> [Input data]
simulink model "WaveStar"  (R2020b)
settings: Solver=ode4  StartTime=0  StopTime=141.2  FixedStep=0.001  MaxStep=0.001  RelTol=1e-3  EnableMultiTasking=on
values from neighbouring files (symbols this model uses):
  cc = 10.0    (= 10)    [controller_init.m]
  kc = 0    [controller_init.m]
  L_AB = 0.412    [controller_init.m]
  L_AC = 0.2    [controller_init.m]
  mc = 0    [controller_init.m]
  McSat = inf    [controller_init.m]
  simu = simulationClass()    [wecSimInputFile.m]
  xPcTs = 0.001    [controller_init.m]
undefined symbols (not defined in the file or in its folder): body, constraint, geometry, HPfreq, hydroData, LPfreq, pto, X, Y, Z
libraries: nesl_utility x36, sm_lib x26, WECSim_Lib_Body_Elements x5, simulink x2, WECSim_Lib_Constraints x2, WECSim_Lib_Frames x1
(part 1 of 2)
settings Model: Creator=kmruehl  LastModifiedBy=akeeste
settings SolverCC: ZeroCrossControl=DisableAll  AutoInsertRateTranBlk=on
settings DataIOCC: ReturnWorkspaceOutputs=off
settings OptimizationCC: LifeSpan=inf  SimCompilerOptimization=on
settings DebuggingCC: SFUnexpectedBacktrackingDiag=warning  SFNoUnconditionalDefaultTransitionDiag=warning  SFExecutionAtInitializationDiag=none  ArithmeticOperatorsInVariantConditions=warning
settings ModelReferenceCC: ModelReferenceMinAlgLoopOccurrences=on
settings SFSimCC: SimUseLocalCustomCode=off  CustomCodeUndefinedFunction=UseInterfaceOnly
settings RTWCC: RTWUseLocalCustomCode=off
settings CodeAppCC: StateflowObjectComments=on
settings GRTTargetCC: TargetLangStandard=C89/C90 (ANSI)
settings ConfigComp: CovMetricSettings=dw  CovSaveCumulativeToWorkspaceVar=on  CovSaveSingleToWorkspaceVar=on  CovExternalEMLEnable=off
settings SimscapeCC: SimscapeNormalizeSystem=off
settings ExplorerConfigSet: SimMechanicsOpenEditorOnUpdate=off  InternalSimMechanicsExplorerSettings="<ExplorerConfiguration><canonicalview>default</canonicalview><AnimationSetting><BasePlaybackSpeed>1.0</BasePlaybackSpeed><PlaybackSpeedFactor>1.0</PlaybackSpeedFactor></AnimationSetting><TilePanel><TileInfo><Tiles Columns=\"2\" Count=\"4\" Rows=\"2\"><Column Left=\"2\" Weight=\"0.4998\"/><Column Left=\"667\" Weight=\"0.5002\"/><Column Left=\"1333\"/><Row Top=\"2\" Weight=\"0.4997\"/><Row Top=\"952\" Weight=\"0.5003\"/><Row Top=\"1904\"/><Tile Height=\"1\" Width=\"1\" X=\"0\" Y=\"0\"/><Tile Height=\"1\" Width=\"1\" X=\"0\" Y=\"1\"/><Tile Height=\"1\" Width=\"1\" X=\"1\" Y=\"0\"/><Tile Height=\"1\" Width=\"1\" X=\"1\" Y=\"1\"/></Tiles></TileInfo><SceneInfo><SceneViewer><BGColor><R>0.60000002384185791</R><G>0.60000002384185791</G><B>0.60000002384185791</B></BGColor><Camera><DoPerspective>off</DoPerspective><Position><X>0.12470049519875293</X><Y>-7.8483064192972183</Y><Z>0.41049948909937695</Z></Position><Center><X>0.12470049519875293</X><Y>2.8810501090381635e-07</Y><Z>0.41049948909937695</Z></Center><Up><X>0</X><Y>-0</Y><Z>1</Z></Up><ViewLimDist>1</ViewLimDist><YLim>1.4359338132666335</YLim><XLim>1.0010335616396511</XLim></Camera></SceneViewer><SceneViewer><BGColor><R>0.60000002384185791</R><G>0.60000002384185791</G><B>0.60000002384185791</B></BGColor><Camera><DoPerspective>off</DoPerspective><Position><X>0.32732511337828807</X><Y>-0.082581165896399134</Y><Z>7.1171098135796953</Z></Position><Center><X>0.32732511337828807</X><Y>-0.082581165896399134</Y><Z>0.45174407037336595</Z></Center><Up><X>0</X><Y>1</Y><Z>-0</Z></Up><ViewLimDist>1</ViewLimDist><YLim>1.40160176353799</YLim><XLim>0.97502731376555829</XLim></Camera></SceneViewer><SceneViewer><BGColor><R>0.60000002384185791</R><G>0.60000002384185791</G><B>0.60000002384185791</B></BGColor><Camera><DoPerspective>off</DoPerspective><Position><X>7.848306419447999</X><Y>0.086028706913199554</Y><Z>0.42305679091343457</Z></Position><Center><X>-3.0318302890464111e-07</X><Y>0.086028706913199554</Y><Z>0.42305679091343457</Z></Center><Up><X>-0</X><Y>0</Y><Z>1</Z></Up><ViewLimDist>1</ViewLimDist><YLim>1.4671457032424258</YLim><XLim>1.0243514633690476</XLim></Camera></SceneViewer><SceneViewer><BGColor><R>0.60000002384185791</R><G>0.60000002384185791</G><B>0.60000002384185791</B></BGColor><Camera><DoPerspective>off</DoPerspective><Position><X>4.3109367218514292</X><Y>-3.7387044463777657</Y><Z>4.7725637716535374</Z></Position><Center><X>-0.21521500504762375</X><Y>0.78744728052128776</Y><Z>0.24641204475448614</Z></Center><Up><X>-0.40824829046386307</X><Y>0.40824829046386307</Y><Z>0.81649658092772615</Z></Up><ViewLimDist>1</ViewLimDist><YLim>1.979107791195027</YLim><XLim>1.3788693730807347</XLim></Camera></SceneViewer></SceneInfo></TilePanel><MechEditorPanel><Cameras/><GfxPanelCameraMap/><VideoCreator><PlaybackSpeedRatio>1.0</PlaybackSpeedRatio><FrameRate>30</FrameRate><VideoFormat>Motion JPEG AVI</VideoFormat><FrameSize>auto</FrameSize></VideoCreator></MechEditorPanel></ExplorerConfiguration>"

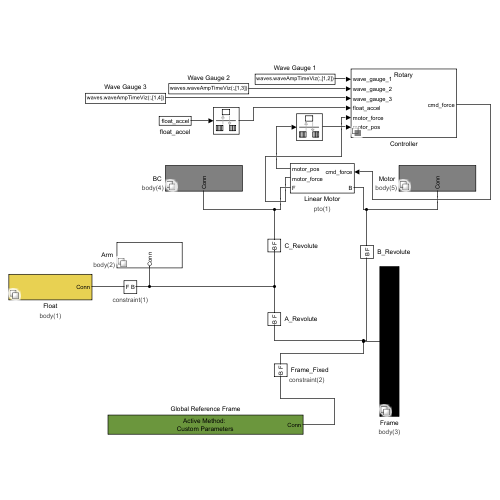
[thumbnail: Simulink's stored preview of the top-level diagram]
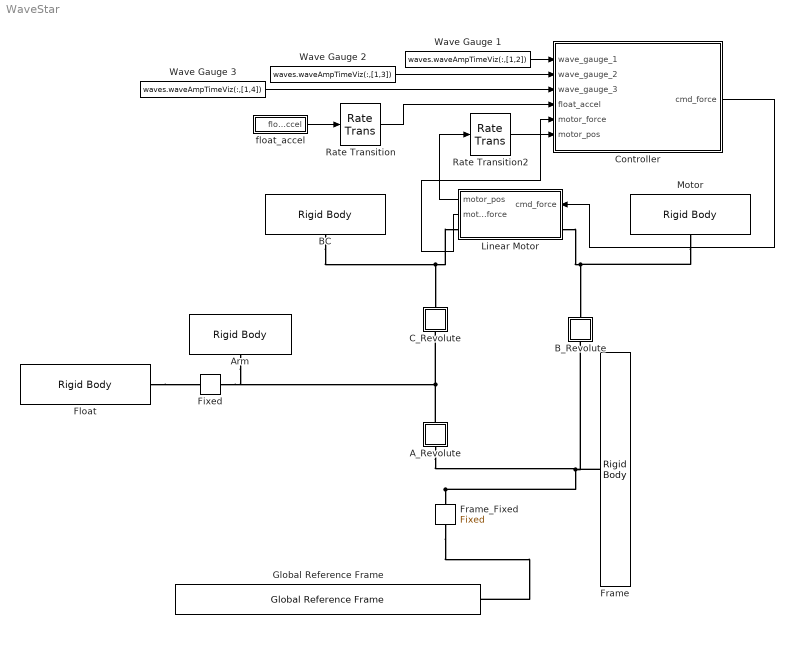
== system WaveStar ==
  A_Revolute : Subsystem
  Arm : WECSim_Lib_Body_Elements/Rigid Body  body=body(2)  h5File=hydroData/*.h5  geometryFile=geometry/*.stl  mass=0  inertia=0 0 0  inertiaProducts=0 0 0  nonHydro=0  nonlinearHydro=0  centerGravity=0 0 0  centerBuoyancy=0 0 0  dof=6  volume=0  displacement=0 0 0  axis=0 1 0  angle=0  option=0  cd=0 0 0  ca=0 0 0  area=0 0 0  VME=0  rgME=0 0 0  z=0 0 1
  BC : WECSim_Lib_Body_Elements/Rigid Body  body=body(4)  h5File=hydroData/*.h5  geometryFile=geometry/*.stl  mass=0  inertia=0 0 0  inertiaProducts=0 0 0  nonHydro=0  nonlinearHydro=0  centerGravity=0 0 0  centerBuoyancy=0 0 0  dof=6  volume=0  displacement=0 0 0  axis=0 1 0  angle=0  option=0  cd=0 0 0  ca=0 0 0  area=0 0 0  VME=0  rgME=0 0 0  z=0 0 1
  B_Revolute : Subsystem
  C_Revolute : Subsystem
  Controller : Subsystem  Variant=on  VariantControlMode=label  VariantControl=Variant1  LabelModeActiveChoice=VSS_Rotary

> [What is being asked]
Retype each entry above character for character; pictures stay out.

> [Task output]
simulink model "WaveStar"  (R2020b)
settings: Solver=ode4  StartTime=0  StopTime=141.2  FixedStep=0.001  MaxStep=0.001  RelTol=1e-3  EnableMultiTasking=on
values from neighbouring files (symbols this model uses):
  cc = 10.0    (= 10)    [controller_init.m]
  kc = 0    [controller_init.m]
  L_AB = 0.412    [controller_init.m]
  L_AC = 0.2    [controller_init.m]
  mc = 0    [controller_init.m]
  McSat = inf    [controller_init.m]
  simu = simulationClass()    [wecSimInputFile.m]
  xPcTs = 0.001    [controller_init.m]
undefined symbols (not defined in the file or in its folder): body, constraint, geometry, HPfreq, hydroData, LPfreq, pto, X, Y, Z
libraries: nesl_utility x36, sm_lib x26, WECSim_Lib_Body_Elements x5, simulink x2, WECSim_Lib_Constraints x2, WECSim_Lib_Frames x1
(part 1 of 2)
settings Model: Creator=kmruehl  LastModifiedBy=akeeste
settings SolverCC: ZeroCrossControl=DisableAll  AutoInsertRateTranBlk=on
settings DataIOCC: ReturnWorkspaceOutputs=off
settings OptimizationCC: LifeSpan=inf  SimCompilerOptimization=on
settings DebuggingCC: SFUnexpectedBacktrackingDiag=warning  SFNoUnconditionalDefaultTransitionDiag=warning  SFExecutionAtInitializationDiag=none  ArithmeticOperatorsInVariantConditions=warning
settings ModelReferenceCC: ModelReferenceMinAlgLoopOccurrences=on
settings SFSimCC: SimUseLocalCustomCode=off  CustomCodeUndefinedFunction=UseInterfaceOnly
settings RTWCC: RTWUseLocalCustomCode=off
settings CodeAppCC: StateflowObjectComments=on
settings GRTTargetCC: TargetLangStandard=C89/C90 (ANSI)
settings ConfigComp: CovMetricSettings=dw  CovSaveCumulativeToWorkspaceVar=on  CovSaveSingleToWorkspaceVar=on  CovExternalEMLEnable=off
settings SimscapeCC: SimscapeNormalizeSystem=off
settings ExplorerConfigSet: SimMechanicsOpenEditorOnUpdate=off  InternalSimMechanicsExplorerSettings="<ExplorerConfiguration><canonicalview>default</canonicalview><AnimationSetting><BasePlaybackSpeed>1.0</BasePlaybackSpeed><PlaybackSpeedFactor>1.0</PlaybackSpeedFactor></AnimationSetting><TilePanel><TileInfo><Tiles Columns=\"2\" Count=\"4\" Rows=\"2\"><Column Left=\"2\" Weight=\"0.4998\"/><Column Left=\"667\" Weight=\"0.5002\"/><Column Left=\"1333\"/><Row Top=\"2\" Weight=\"0.4997\"/><Row Top=\"952\" Weight=\"0.5003\"/><Row Top=\"1904\"/><Tile Height=\"1\" Width=\"1\" X=\"0\" Y=\"0\"/><Tile Height=\"1\" Width=\"1\" X=\"0\" Y=\"1\"/><Tile Height=\"1\" Width=\"1\" X=\"1\" Y=\"0\"/><Tile Height=\"1\" Width=\"1\" X=\"1\" Y=\"1\"/></Tiles></TileInfo><SceneInfo><SceneViewer><BGColor><R>0.60000002384185791</R><G>0.60000002384185791</G><B>0.60000002384185791</B></BGColor><Camera><DoPerspective>off</DoPerspective><Position><X>0.12470049519875293</X><Y>-7.8483064192972183</Y><Z>0.41049948909937695</Z></Position><Center><X>0.12470049519875293</X><Y>2.8810501090381635e-07</Y><Z>0.41049948909937695</Z></Center><Up><X>0</X><Y>-0</Y><Z>1</Z></Up><ViewLimDist>1</ViewLimDist><YLim>1.4359338132666335</YLim><XLim>1.0010335616396511</XLim></Camera></SceneViewer><SceneViewer><BGColor><R>0.60000002384185791</R><G>0.60000002384185791</G><B>0.60000002384185791</B></BGColor><Camera><DoPerspective>off</DoPerspective><Position><X>0.32732511337828807</X><Y>-0.082581165896399134</Y><Z>7.1171098135796953</Z></Position><Center><X>0.32732511337828807</X><Y>-0.082581165896399134</Y><Z>0.45174407037336595</Z></Center><Up><X>0</X><Y>1</Y><Z>-0</Z></Up><ViewLimDist>1</ViewLimDist><YLim>1.40160176353799</YLim><XLim>0.97502731376555829</XLim></Camera></SceneViewer><SceneViewer><BGColor><R>0.60000002384185791</R><G>0.60000002384185791</G><B>0.60000002384185791</B></BGColor><Camera><DoPerspective>off</DoPerspective><Position><X>7.848306419447999</X><Y>0.086028706913199554</Y><Z>0.42305679091343457</Z></Position><Center><X>-3.0318302890464111e-07</X><Y>0.086028706913199554</Y><Z>0.42305679091343457</Z></Center><Up><X>-0</X><Y>0</Y><Z>1</Z></Up><ViewLimDist>1</ViewLimDist><YLim>1.4671457032424258</YLim><XLim>1.0243514633690476</XLim></Camera></SceneViewer><SceneViewer><BGColor><R>0.60000002384185791</R><G>0.60000002384185791</G><B>0.60000002384185791</B></BGColor><Camera><DoPerspective>off</DoPerspective><Position><X>4.3109367218514292</X><Y>-3.7387044463777657</Y><Z>4.7725637716535374</Z></Position><Center><X>-0.21521500504762375</X><Y>0.78744728052128776</Y><Z>0.24641204475448614</Z></Center><Up><X>-0.40824829046386307</X><Y>0.40824829046386307</Y><Z>0.81649658092772615</Z></Up><ViewLimDist>1</ViewLimDist><YLim>1.979107791195027</YLim><XLim>1.3788693730807347</XLim></Camera></SceneViewer></SceneInfo></TilePanel><MechEditorPanel><Cameras/><GfxPanelCameraMap/><VideoCreator><PlaybackSpeedRatio>1.0</PlaybackSpeedRatio><FrameRate>30</FrameRate><VideoFormat>Motion JPEG AVI</VideoFormat><FrameSize>auto</FrameSize></VideoCreator></MechEditorPanel></ExplorerConfiguration>"

[thumbnail: Simulink's stored preview of the top-level diagram]
== system WaveStar ==
  A_Revolute : Subsystem
  Arm : WECSim_Lib_Body_Elements/Rigid Body  body=body(2)  h5File=hydroData/*.h5  geometryFile=geometry/*.stl  mass=0  inertia=0 0 0  inertiaProducts=0 0 0  nonHydro=0  nonlinearHydro=0  centerGravity=0 0 0  centerBuoyancy=0 0 0  dof=6  volume=0  displacement=0 0 0  axis=0 1 0  angle=0  option=0  cd=0 0 0  ca=0 0 0  area=0 0 0  VME=0  rgME=0 0 0  z=0 0 1
  BC : WECSim_Lib_Body_Elements/Rigid Body  body=body(4)  h5File=hydroData/*.h5  geometryFile=geometry/*.stl  mass=0  inertia=0 0 0  inertiaProducts=0 0 0  nonHydro=0  nonlinearHydro=0  centerGravity=0 0 0  centerBuoyancy=0 0 0  dof=6  volume=0  displacement=0 0 0  axis=0 1 0  angle=0  option=0  cd=0 0 0  ca=0 0 0  area=0 0 0  VME=0  rgME=0 0 0  z=0 0 1
  B_Revolute : Subsystem
  C_Revolute : Subsystem
  Controller : Subsystem  Variant=on  VariantControlMode=label  VariantControl=Variant1  LabelModeActiveChoice=VSS_Rotary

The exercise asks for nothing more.